> [PROBLEM STATEMENT]: Repeat verbatim, and only, the lines of the data below, beginning at the line that contains "#99=AXIS2_PLACEMENT_3D('',#96,#97,#98);" and stopping after the line that contains "#115=CARTESIAN_POINT('',(0.15,6.,-1.));".

> [DATA PROVIDED]:

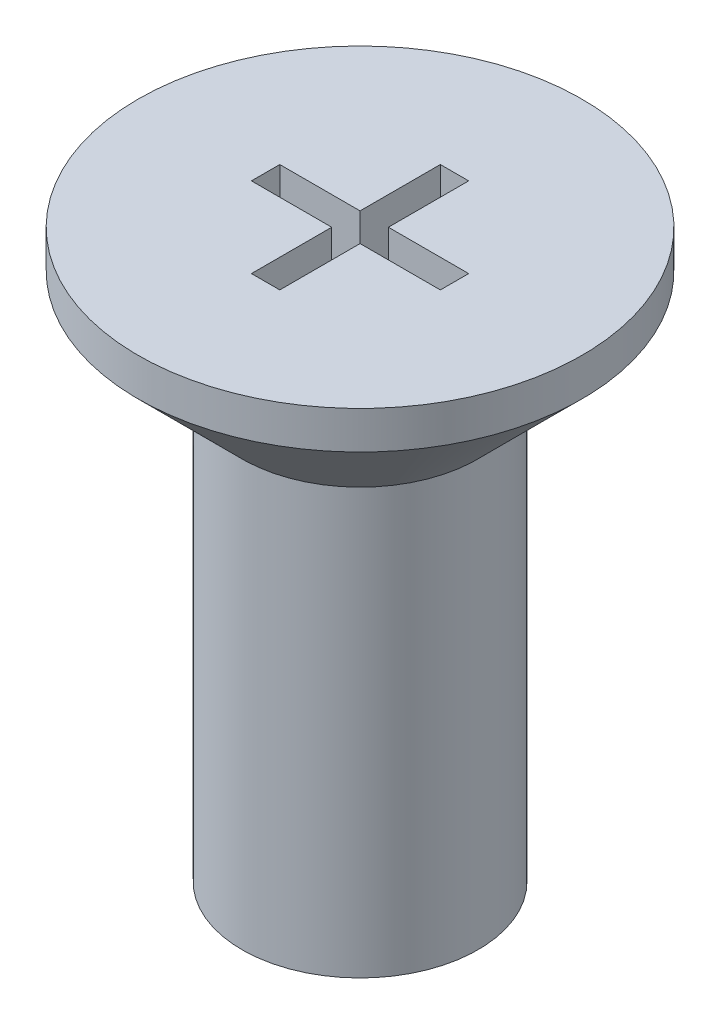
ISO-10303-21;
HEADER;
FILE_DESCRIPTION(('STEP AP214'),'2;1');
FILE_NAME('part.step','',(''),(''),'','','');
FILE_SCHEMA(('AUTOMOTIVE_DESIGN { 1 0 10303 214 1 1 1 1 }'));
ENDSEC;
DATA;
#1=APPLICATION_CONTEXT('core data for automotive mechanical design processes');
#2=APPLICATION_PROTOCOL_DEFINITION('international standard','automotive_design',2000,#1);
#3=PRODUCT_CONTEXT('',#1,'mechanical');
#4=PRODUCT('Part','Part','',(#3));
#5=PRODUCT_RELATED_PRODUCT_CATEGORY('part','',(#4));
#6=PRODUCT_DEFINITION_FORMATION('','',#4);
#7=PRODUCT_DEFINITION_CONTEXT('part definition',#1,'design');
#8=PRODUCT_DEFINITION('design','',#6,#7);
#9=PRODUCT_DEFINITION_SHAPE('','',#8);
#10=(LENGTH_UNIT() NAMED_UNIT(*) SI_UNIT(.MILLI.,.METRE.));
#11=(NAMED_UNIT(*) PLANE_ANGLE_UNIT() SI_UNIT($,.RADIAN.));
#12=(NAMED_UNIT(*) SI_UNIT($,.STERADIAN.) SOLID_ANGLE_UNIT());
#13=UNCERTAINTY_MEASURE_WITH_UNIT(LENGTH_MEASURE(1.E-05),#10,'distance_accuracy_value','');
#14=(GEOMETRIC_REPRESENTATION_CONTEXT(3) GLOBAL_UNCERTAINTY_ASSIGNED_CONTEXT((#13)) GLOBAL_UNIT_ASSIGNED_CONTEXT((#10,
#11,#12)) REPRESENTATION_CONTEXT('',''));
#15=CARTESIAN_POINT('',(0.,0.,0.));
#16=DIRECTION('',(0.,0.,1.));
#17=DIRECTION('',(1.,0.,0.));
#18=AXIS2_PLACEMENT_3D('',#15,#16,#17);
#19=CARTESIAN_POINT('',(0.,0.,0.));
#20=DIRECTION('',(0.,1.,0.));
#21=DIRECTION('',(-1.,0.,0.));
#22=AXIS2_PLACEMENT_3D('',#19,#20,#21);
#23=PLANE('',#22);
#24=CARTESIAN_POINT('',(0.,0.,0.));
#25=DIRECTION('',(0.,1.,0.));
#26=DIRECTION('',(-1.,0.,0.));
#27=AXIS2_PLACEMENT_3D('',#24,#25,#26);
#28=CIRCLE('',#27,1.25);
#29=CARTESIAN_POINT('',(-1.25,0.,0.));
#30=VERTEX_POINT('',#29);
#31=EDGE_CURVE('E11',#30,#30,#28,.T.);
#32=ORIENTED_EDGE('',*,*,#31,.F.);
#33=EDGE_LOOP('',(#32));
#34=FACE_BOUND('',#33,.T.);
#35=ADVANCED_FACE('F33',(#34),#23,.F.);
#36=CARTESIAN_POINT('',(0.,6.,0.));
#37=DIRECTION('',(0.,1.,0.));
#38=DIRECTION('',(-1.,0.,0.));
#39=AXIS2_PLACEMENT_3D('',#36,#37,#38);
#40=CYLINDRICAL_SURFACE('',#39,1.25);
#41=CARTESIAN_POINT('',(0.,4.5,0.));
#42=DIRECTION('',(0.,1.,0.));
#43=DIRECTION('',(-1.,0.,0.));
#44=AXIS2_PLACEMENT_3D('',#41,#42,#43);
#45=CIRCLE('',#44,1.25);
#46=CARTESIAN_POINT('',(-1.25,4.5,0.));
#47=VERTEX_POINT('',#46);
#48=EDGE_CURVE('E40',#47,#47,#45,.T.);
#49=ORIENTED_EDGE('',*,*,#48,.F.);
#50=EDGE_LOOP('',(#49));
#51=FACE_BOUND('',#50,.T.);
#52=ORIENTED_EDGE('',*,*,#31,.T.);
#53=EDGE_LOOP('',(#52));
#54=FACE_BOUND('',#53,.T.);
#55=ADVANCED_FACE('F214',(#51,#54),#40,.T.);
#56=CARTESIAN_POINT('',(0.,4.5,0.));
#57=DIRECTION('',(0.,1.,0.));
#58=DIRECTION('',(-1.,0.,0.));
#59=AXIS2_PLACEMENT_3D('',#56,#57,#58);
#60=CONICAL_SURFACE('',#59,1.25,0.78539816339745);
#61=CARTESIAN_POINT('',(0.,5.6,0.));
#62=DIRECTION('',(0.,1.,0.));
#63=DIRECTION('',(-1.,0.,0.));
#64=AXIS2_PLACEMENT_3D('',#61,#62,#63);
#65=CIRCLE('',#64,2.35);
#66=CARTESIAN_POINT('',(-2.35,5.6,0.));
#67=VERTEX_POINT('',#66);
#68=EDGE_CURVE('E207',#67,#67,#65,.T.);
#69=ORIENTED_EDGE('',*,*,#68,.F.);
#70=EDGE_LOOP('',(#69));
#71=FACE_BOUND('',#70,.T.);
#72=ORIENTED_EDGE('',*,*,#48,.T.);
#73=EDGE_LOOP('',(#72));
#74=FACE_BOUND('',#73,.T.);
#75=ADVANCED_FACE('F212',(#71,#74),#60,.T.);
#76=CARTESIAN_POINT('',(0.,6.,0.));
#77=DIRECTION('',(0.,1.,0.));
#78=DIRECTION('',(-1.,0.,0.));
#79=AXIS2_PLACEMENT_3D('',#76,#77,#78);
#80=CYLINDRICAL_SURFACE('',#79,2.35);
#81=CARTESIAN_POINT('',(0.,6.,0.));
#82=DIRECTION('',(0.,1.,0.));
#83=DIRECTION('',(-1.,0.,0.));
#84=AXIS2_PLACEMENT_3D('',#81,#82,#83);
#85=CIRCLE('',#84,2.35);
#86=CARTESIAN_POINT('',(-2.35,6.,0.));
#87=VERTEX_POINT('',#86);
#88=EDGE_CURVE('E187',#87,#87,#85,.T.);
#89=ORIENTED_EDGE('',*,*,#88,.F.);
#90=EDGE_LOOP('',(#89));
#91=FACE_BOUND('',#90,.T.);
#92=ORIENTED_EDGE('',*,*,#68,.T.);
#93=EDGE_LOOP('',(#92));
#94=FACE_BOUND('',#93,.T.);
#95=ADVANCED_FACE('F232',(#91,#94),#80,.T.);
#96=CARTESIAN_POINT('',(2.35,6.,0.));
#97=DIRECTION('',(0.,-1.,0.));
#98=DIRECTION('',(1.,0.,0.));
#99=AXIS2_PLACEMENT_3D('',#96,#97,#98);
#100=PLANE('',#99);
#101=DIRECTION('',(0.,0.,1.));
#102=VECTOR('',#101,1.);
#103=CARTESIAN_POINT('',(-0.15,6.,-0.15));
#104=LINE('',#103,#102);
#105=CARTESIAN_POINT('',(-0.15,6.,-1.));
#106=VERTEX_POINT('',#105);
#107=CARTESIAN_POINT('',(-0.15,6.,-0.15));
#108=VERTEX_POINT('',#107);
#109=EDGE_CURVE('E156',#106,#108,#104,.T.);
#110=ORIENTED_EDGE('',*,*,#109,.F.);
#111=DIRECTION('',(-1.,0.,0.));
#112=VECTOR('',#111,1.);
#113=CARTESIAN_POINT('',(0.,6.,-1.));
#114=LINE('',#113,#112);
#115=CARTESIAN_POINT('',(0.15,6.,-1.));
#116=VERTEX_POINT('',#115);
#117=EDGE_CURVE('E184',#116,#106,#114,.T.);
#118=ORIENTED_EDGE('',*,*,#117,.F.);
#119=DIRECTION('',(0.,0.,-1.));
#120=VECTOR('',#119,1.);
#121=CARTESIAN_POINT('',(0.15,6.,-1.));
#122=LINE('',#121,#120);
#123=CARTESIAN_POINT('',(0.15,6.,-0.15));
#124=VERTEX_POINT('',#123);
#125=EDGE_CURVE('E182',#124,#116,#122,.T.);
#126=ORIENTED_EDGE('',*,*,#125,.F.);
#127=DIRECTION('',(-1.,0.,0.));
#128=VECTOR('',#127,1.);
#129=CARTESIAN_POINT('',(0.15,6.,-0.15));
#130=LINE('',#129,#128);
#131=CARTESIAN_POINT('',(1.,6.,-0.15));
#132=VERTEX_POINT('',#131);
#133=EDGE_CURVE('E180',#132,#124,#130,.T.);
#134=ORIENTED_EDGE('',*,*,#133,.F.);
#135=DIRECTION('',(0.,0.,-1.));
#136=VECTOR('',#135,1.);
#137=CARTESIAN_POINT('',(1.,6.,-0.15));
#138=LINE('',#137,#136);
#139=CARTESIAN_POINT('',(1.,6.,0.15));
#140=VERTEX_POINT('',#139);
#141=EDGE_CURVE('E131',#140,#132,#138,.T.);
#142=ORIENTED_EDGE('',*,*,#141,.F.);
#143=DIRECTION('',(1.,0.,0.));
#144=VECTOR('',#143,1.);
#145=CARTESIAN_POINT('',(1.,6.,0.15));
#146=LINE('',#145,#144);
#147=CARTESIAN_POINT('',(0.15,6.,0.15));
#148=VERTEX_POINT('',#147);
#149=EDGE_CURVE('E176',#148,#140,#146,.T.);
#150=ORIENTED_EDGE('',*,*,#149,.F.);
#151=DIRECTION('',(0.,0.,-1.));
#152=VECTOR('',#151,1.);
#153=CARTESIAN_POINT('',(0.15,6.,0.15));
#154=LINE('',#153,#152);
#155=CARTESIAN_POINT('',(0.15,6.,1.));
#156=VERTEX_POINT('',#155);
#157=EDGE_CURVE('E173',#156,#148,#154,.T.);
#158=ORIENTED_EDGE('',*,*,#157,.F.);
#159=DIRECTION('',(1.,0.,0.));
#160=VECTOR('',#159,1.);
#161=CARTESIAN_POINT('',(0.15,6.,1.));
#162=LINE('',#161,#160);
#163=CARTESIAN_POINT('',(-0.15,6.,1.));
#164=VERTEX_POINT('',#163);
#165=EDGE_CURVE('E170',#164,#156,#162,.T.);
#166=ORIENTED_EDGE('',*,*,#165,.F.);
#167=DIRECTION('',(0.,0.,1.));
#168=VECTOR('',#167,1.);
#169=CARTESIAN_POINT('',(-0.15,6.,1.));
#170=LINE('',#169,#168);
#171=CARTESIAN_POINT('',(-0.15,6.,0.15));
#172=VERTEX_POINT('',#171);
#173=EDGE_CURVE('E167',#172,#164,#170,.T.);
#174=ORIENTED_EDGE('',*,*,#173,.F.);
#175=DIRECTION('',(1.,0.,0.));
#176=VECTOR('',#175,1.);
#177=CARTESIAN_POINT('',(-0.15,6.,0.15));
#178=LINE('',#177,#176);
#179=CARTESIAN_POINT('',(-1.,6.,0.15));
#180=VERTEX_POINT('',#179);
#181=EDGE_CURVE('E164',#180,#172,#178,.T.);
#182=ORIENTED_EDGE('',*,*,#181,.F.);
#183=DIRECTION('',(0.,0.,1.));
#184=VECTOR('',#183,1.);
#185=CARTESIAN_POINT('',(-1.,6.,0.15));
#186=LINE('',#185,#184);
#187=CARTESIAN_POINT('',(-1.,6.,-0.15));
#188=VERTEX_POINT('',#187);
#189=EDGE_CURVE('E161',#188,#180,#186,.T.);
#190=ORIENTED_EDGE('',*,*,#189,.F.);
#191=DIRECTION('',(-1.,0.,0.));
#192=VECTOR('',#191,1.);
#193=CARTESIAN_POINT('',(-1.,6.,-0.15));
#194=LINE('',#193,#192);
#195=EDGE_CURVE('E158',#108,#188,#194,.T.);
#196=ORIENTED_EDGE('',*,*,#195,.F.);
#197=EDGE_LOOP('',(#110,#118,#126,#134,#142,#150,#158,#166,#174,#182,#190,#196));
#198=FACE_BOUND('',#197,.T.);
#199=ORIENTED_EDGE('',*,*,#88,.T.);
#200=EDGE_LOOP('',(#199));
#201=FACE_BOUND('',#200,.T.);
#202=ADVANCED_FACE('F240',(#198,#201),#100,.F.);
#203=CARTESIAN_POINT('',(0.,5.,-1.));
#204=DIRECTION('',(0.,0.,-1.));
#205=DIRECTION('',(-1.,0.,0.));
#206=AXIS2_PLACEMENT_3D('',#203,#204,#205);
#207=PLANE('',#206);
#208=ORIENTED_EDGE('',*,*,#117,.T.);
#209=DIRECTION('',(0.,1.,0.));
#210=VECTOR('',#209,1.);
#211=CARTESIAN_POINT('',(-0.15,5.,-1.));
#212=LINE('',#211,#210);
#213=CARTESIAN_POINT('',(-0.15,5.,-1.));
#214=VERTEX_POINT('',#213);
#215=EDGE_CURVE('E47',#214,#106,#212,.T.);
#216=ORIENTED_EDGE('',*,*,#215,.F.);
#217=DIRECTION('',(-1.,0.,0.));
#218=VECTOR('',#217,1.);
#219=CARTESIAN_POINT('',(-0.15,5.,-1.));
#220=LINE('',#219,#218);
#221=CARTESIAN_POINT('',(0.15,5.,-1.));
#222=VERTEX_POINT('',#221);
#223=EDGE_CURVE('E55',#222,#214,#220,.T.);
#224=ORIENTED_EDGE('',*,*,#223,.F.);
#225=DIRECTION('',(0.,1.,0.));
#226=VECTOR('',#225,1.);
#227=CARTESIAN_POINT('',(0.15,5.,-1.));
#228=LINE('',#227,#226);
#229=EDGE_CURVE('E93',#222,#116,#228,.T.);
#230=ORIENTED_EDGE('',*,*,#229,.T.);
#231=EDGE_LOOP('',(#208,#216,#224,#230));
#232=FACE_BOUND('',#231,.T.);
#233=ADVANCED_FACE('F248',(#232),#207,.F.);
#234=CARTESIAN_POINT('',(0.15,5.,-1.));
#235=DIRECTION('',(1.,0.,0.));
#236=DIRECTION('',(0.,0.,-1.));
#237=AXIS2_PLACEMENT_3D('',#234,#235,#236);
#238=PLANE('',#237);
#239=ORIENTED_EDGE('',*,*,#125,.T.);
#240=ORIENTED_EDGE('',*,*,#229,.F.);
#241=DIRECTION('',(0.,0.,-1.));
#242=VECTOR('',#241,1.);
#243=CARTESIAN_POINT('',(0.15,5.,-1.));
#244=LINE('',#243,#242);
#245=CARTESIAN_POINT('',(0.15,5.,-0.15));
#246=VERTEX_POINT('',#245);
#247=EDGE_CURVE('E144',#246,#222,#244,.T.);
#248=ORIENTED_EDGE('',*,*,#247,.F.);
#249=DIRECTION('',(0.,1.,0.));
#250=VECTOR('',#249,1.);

> [TASK RESPONSE]:
#99=AXIS2_PLACEMENT_3D('',#96,#97,#98);
#100=PLANE('',#99);
#101=DIRECTION('',(0.,0.,1.));
#102=VECTOR('',#101,1.);
#103=CARTESIAN_POINT('',(-0.15,6.,-0.15));
#104=LINE('',#103,#102);
#105=CARTESIAN_POINT('',(-0.15,6.,-1.));
#106=VERTEX_POINT('',#105);
#107=CARTESIAN_POINT('',(-0.15,6.,-0.15));
#108=VERTEX_POINT('',#107);
#109=EDGE_CURVE('E156',#106,#108,#104,.T.);
#110=ORIENTED_EDGE('',*,*,#109,.F.);
#111=DIRECTION('',(-1.,0.,0.));
#112=VECTOR('',#111,1.);
#113=CARTESIAN_POINT('',(0.,6.,-1.));
#114=LINE('',#113,#112);
#115=CARTESIAN_POINT('',(0.15,6.,-1.));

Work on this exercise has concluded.